Di kabupaten Konawe Utara, lanjut Sutopo, banjir mengakibatkan 1.091 Kepala Keluarga (KK) atau 4.198 jiwa mengungsi.

Loading...

“Enam kecamatan terimbas banjir adalah Andowia, Asera, Oheo, Landawe, Langgikima, dan Wiwirano,” katanya.

Sementara itu Kecamatan Asera merupakan kecamatan dengan jumlah desa terdampak paling tinggi yaitu 13 desa. Banjir ini juga mengakibatkan 72 rumah hanyut dan ribuan lain terendam.

“BPBD Kabupaten Konawe Utara masih melakukan pendataan di lapangan, diperkirakan kerusakan sektor pertanian mencakup lahan sawah seluas 970,3 hektar, lahan jagung 83,5 hektar dan lainnya 11 hektar, sedangkan sektor perikanan pada tambak seluas 420 hektar,” terang Sutopo.

Di samping itu, BPBD setempat melaporkan jembatan penghubung Desa Laronanga ke Desa Puwonua hanyut, jembatan lain di Desa Padalerutama juga tidak dapat dilalui karena terendam banjir, dan jembatan yang menghubungkan Desa Tanggulari ke Desa Tapuwatu, serta jembatan antar provinsi di Asera putus.

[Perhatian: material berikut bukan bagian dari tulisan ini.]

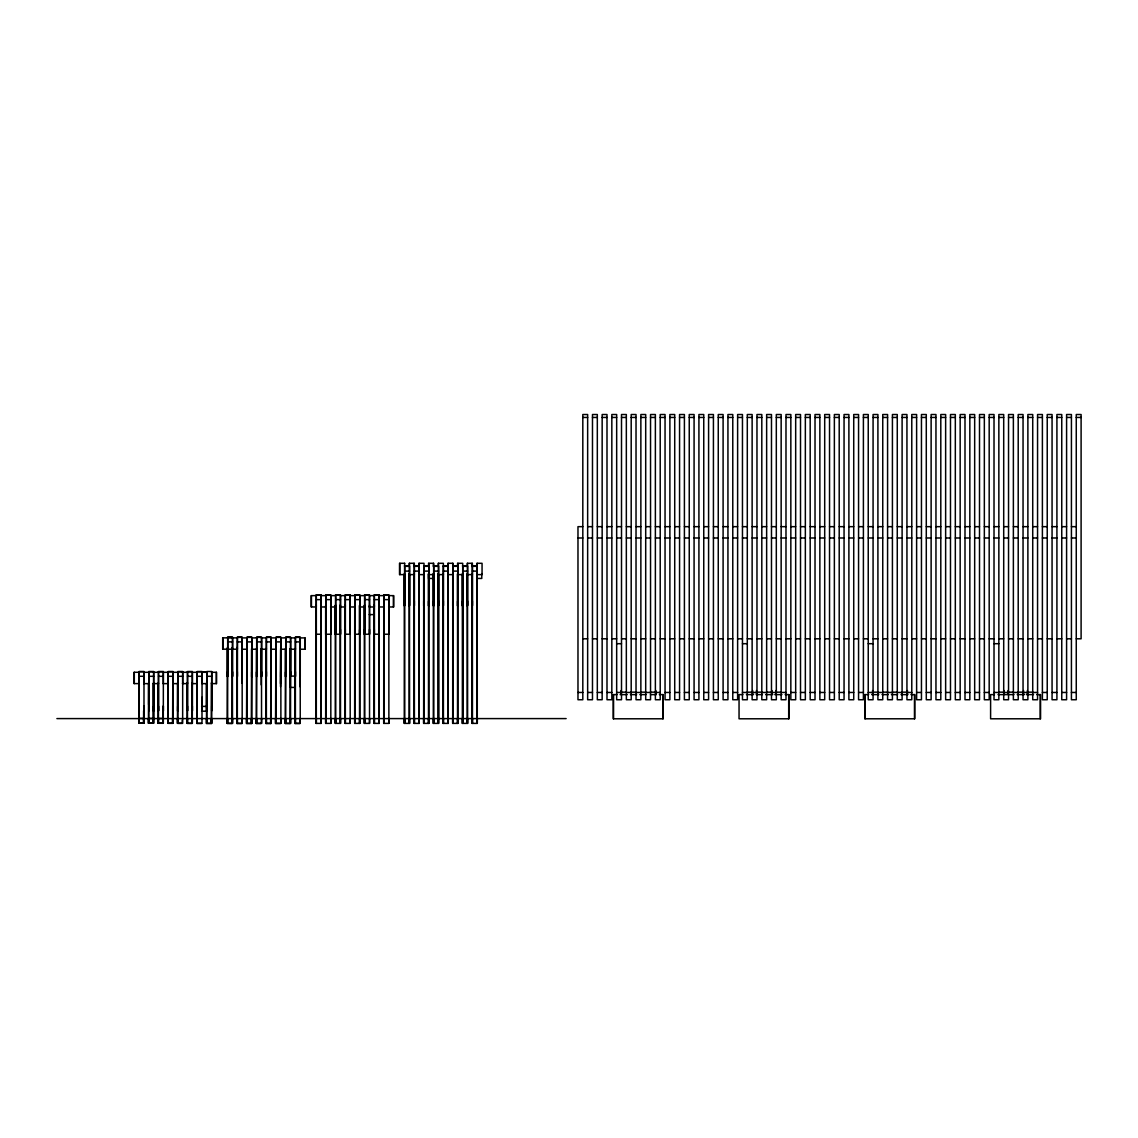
<?xml version="1.0" encoding="UTF-8"?>
<svg xmlns="http://www.w3.org/2000/svg" width="1138" height="1138" viewBox="0 0 1138 1138"><rect width="100%" height="100%" fill="white"/><g stroke="black" fill="none" stroke-linecap="round" stroke-linejoin="round"><path stroke-width="1.5" d="M143.971 706.086L143.985 710.88L144 671.477L139.149 671.477L139.149 710.88L139.135 706.086M153.644 706.129L153.658 710.909L153.673 671.505L148.836 671.505L148.822 710.909L148.808 706.129M163.331 706.129L163.331 710.909L163.346 671.505L158.509 671.505L158.495 710.909L158.495 706.129M173.004 706.129L173.019 710.909L173.019 671.505L168.182 671.505L168.182 710.909L168.168 706.129M177.784 682.516L177.812 723.313L182.649 723.313L182.692 671.505L177.855 671.505L177.855 710.909L177.841 706.129M192.35 706.129L192.365 710.909L192.365 671.505L187.528 671.505L187.528 710.909L187.514 706.129M202.023 706.129L202.038 710.909L202.052 671.505L197.215 671.505L197.201 710.909L197.187 706.129M211.711 706.129L211.711 710.909L211.725 671.505L206.888 671.505L206.874 710.909L206.86 706.129M232.522 671.69L232.536 676.484L232.536 637.081L227.7 637.081L227.7 676.484L227.685 671.69M242.195 671.733L242.209 676.513L242.223 637.109L237.387 637.109L237.373 676.513L237.358 671.733M251.882 671.733L251.882 676.513L251.896 637.109L247.06 637.109L247.046 676.513L247.031 671.733M261.555 671.733L261.569 676.513L261.569 637.109L256.733 637.109L256.719 676.513L256.719 671.733M271.228 671.733L271.242 676.513L271.242 637.109L266.406 637.109L266.406 676.513L266.392 671.733M280.901 671.733L280.915 676.513L280.915 637.109L276.079 637.109L276.079 676.513L276.065 671.733M290.574 671.733L290.588 676.513L290.603 637.109L285.752 637.109L285.752 676.513L285.738 671.733M300.247 671.733L300.261 676.513L300.276 637.109L295.439 637.109L295.425 676.513L295.411 671.733M321.172 718.59L321.158 723.384L315.994 723.384L316.037 605.146M316.293 634.236L316.293 594.833L321.129 594.833L321.129 634.236L316.293 634.236L316.279 629.456M320.873 605.146L320.831 723.384L320.816 718.59M330.845 718.59L330.831 723.384L325.667 723.384L325.71 605.146M325.966 634.236L325.966 594.833L330.817 594.833L330.802 634.236L325.966 634.236L325.952 629.456M340.518 718.59L340.504 723.384L335.34 723.384L335.383 605.146M335.639 634.236L335.653 594.833L340.49 594.833L340.475 634.236L335.639 634.236L335.625 629.456M340.234 605.146L340.177 723.384L340.177 718.59M350.191 718.59L350.191 723.384L345.013 723.384L345.07 605.146M345.312 634.236L345.326 594.833L350.163 594.833L350.148 634.236L345.312 634.236L345.312 629.456M354.743 605.146L354.7 723.384L359.864 723.384L359.864 718.59M354.7 723.384L354.757 606.398M354.999 634.236L354.999 594.833L359.836 594.833L359.836 634.236L354.999 634.236L354.985 629.456M359.58 605.146L359.537 723.384L359.523 718.59M369.551 718.59L369.537 723.384L364.373 723.384L364.416 605.146M364.672 634.236L364.672 594.833L369.509 594.833L369.509 634.236L364.672 634.236L364.658 629.456M379.224 718.59L379.21 723.384L374.046 723.384L374.089 605.146M374.345 634.236L374.345 594.833L379.182 594.833L379.182 634.236L374.345 634.236L374.331 629.456M378.926 605.146L378.883 723.384L378.869 718.59M388.897 718.59L388.883 723.384L383.719 723.384L383.762 605.146M384.018 634.236L384.032 594.833L388.869 594.833L388.855 634.236L384.018 634.236L384.004 629.456M409.566 718.59L409.566 723.384L404.303 723.384L404.374 574.292M409.509 574.975L409.509 605.729L409.524 566.326L404.673 566.326L404.673 605.729L404.659 600.935M409.211 574.292L409.139 723.384L409.125 718.59M419.253 718.59L419.239 723.384L413.976 723.384L414.047 574.292M419.182 600.935L419.182 605.729L419.197 566.326L414.36 566.326L414.346 605.729L414.332 600.935M418.884 574.292L418.812 723.384L418.798 718.59M428.926 718.59L428.912 723.384L423.649 723.384L423.72 574.292M428.855 600.935L428.855 605.729L428.87 566.326L424.033 566.326L424.019 605.729L424.019 600.935M428.557 574.292L428.485 723.384L428.471 718.59M438.528 574.818L438.585 723.384L433.322 723.384L433.407 574.292M433.706 574.975L433.706 605.729L433.706 566.326L438.543 566.326L438.543 605.729L438.528 600.935M438.244 574.292L438.158 723.384L438.158 718.59M448.272 718.59L448.258 723.384L442.995 723.384L443.08 574.292M448.201 600.935L448.216 605.729L448.216 566.326L443.379 566.326L443.379 605.729L443.365 600.935M447.917 574.292L447.846 723.384L447.831 718.59M457.945 718.59L457.931 723.384L452.682 723.384L452.753 574.292M457.889 574.975L457.889 605.729L457.889 566.326L453.052 566.326L453.052 605.729L453.038 600.935M457.59 574.292L457.519 723.384L457.504 718.59M467.618 718.59L467.618 723.384L462.355 723.384L462.426 574.292M467.547 600.935L467.562 605.729L467.576 566.326L462.739 566.326L462.725 605.729L462.711 600.935M467.263 574.292L467.192 723.384L467.177 718.59M477.306 718.59L477.291 723.384L472.028 723.384L472.099 574.292M477.235 600.935L477.235 605.729L477.249 566.326L472.412 566.326L472.398 605.729L472.398 600.935M476.936 574.292L476.865 723.384L476.85 718.59M143.63 710.809L143.587 723.227L138.751 723.213L138.751 718.419M139.106 723.185L139.12 718.377L143.957 718.377L143.943 723.185L139.106 723.185L139.092 682.914M138.936 711.165L138.95 706.371M143.587 723.227L143.587 718.448M153.417 682.971L153.26 723.256L148.424 723.242L148.438 718.448M153.63 718.405L153.616 723.213L148.779 723.213L148.793 718.405L153.63 718.405L153.616 682.942M153.26 723.256L153.26 718.476M153.459 711.193L153.459 706.399M162.99 710.866L162.933 723.299L158.097 723.27L158.111 718.491M158.296 706.399L158.296 711.193L158.282 683.497M158.452 723.242L158.467 718.434L163.303 718.434L163.289 723.242L158.452 723.242L158.452 682.971M162.933 723.299L162.933 718.505M172.791 682.501L172.606 723.327L167.77 723.299L167.784 718.519M172.976 718.476L172.962 723.284L168.125 723.284L168.14 718.476M172.606 723.327L172.62 718.533M172.82 706.399L172.805 711.193L172.791 683.497M182.293 720.155L182.279 723.355L177.457 723.341L177.457 718.547M177.656 706.399L177.642 711.193L177.628 683.497M177.812 723.313L177.812 718.505M187.457 682.558L187.486 723.341L192.322 723.341L192.294 682.558L191.952 723.384L187.13 723.37L187.13 718.576M187.486 723.341L187.5 718.533M191.952 723.384L191.966 718.59M192.166 706.399L192.151 711.193L192.137 683.497M192.322 723.341L192.336 718.533M201.639 723.412L196.803 723.398L196.803 718.604M197.002 706.399L196.988 711.193L196.974 683.497M201.995 697.281L201.995 723.37L197.159 723.37L197.173 718.562M211.483 682.615L211.312 723.441L206.476 723.427L206.49 718.633M206.405 683.497L206.419 711.193L201.582 711.193M211.682 718.59L211.668 723.398L206.832 723.398L206.846 718.59M211.312 723.441L211.312 718.661M232.308 647.949L231.981 723.455L227.173 723.427L227.187 718.647M227.5 671.975L227.486 676.769L227.472 647.337M232.522 718.562L232.508 723.37L227.671 723.37L227.685 718.562M231.981 723.455L231.981 718.661M232.323 676.769L232.337 671.975M241.654 723.484L236.86 723.455L236.86 718.675M237.173 672.003L237.159 676.797L237.145 647.38M242.195 718.59L242.181 723.398L237.344 723.398L237.358 718.59M242.01 672.003L241.996 676.797L241.981 649.101M251.64 648.461L251.327 723.484L246.533 723.455L246.533 718.675M246.846 676.797L246.846 672.003M251.868 718.59L251.854 723.398L247.017 723.398L247.003 648.432M251.327 723.484L251.327 718.69M251.683 672.003L251.683 676.797L251.669 649.101M261 723.484L256.206 723.455L256.206 718.675M256.519 676.797L256.519 672.003M261.541 718.59L261.541 723.398L256.704 723.398L256.704 718.59M261.37 672.003L261.356 676.797L261.342 649.101M271 648.461L270.673 723.484L265.879 723.455L265.894 718.675M266.207 672.003L266.192 676.797L266.178 649.101M271.185 648.432L271.214 723.398L266.377 723.398L266.377 718.59M270.673 723.484L270.688 718.69M271.029 676.797L271.043 672.003M280.346 723.484L275.552 723.455L275.567 718.675M275.88 672.003L275.865 676.797L275.851 649.101M280.901 718.59L280.887 723.398L276.05 723.398L276.065 718.59M280.702 676.797L280.716 672.003M290.346 648.461L290.034 723.484L285.225 723.455L285.24 718.675M285.553 672.003L285.538 676.797L285.524 649.101M290.574 718.59L290.56 723.398L285.723 723.398L285.738 718.59M290.034 723.484L290.034 718.69M290.389 672.003L290.375 676.797L290.361 649.101M299.707 723.484L294.913 723.455L294.913 718.675M295.226 672.003L295.211 676.797L295.197 649.101M300.247 718.59L300.233 723.398L295.396 723.398L295.411 718.59M300.062 672.003L300.062 676.797L300.048 649.101M316.037 629.727L316.023 634.52L316.023 605.501M316.336 718.59L316.321 723.384L316.279 605.146M320.873 629.727L320.859 634.52L320.859 605.501M325.71 629.727L325.696 634.52L325.696 605.501M326.009 718.59L325.994 723.384L325.952 605.146M335.383 629.727L335.369 634.52L335.369 605.501M335.682 718.59L335.667 723.384L335.625 605.146M340.219 629.727L340.219 634.52L340.205 605.501M345.056 629.727L345.056 634.52L345.056 605.501M345.355 718.59L345.34 723.384L345.298 605.146M354.743 629.727L354.729 634.52L354.729 605.501M355.028 718.59L355.028 723.384L354.971 605.146M359.58 629.727L359.565 634.52L359.565 605.501M364.416 629.727L364.402 634.52L364.402 605.501M364.715 718.59L364.701 723.384L364.658 605.146M374.089 629.727L374.075 634.52L374.075 605.501M374.388 718.59L374.374 723.384L374.331 605.146M378.926 629.727L378.911 634.52L378.911 605.501M383.762 629.727L383.748 634.52L383.748 605.501M384.061 718.59L384.047 723.384L384.004 605.146M404.36 601.22L404.346 605.999L404.346 573.524M404.73 718.59L404.715 723.384L404.644 574.292M409.196 601.22L409.182 605.999L409.182 573.524M414.033 601.22L414.033 605.999L414.019 573.524M414.403 718.59L414.403 723.384L414.317 574.292M418.869 601.22L418.869 605.999L418.855 573.524M423.706 601.22L423.706 605.999L423.706 573.524M424.09 718.59L424.076 723.384L424.005 574.292M428.557 601.22L428.542 605.999L428.542 573.524M433.393 601.22L433.379 605.999L433.379 573.524M433.763 718.59L433.749 723.384L433.678 574.292M438.23 601.22L438.215 605.999L438.215 573.524M443.066 601.22L443.052 605.999L443.052 573.524M443.436 718.59L443.422 723.384L443.351 574.292M447.903 601.22L447.888 605.999L447.888 573.524M452.739 601.22L452.725 605.999L452.725 573.524M453.109 718.59L453.095 723.384L453.024 574.292M457.576 601.22L457.561 605.999L457.561 573.524M462.412 601.22L462.398 605.999L462.398 573.524M467.249 601.22L467.249 605.999L467.234 573.524M472.085 601.22L472.085 605.999L472.071 573.524M472.469 718.59L472.455 723.384L472.37 574.292M476.922 601.22L476.922 605.999L476.907 573.524M138.751 723.213L138.907 682.914M148.424 723.242L148.594 682.956M158.097 723.27L158.267 682.985M167.77 723.299L167.94 683.013M177.457 723.341L177.628 682.501M187.13 723.37L187.301 682.544M196.803 723.398L196.988 682.572M206.476 723.427L206.661 682.601M227.173 723.427L227.515 647.935L227.671 723.37M236.86 723.455L237.188 647.963M241.825 683.099L241.967 648.461M246.533 723.455L246.846 648.447M256.206 723.455L256.519 648.447M261.171 684.848L261.313 648.461M265.879 723.455L266.192 648.447M275.552 723.455L275.88 648.447M280.517 683.568L280.673 648.461M280.517 686.612L280.673 649.741M285.225 723.455L285.553 648.447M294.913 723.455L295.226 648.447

“Arus aliran air masih deras sehingga penggunaan sampan mesin tidak dapat menjangkau wilayah terisolir. Selain itu, minim peralatan untuk membantu evakuasi dan penyelamatan di lapangan,” kata Sutopo.

Untuk mempercepat pengiriman bantuan logistik, lanjutnya, BNPN mengirimkan bantuan logistik menggggunakan pesawat cargo dan untuk distribusi ke titik pengungsi dilakukan dengan bantuan helikopter BNPB.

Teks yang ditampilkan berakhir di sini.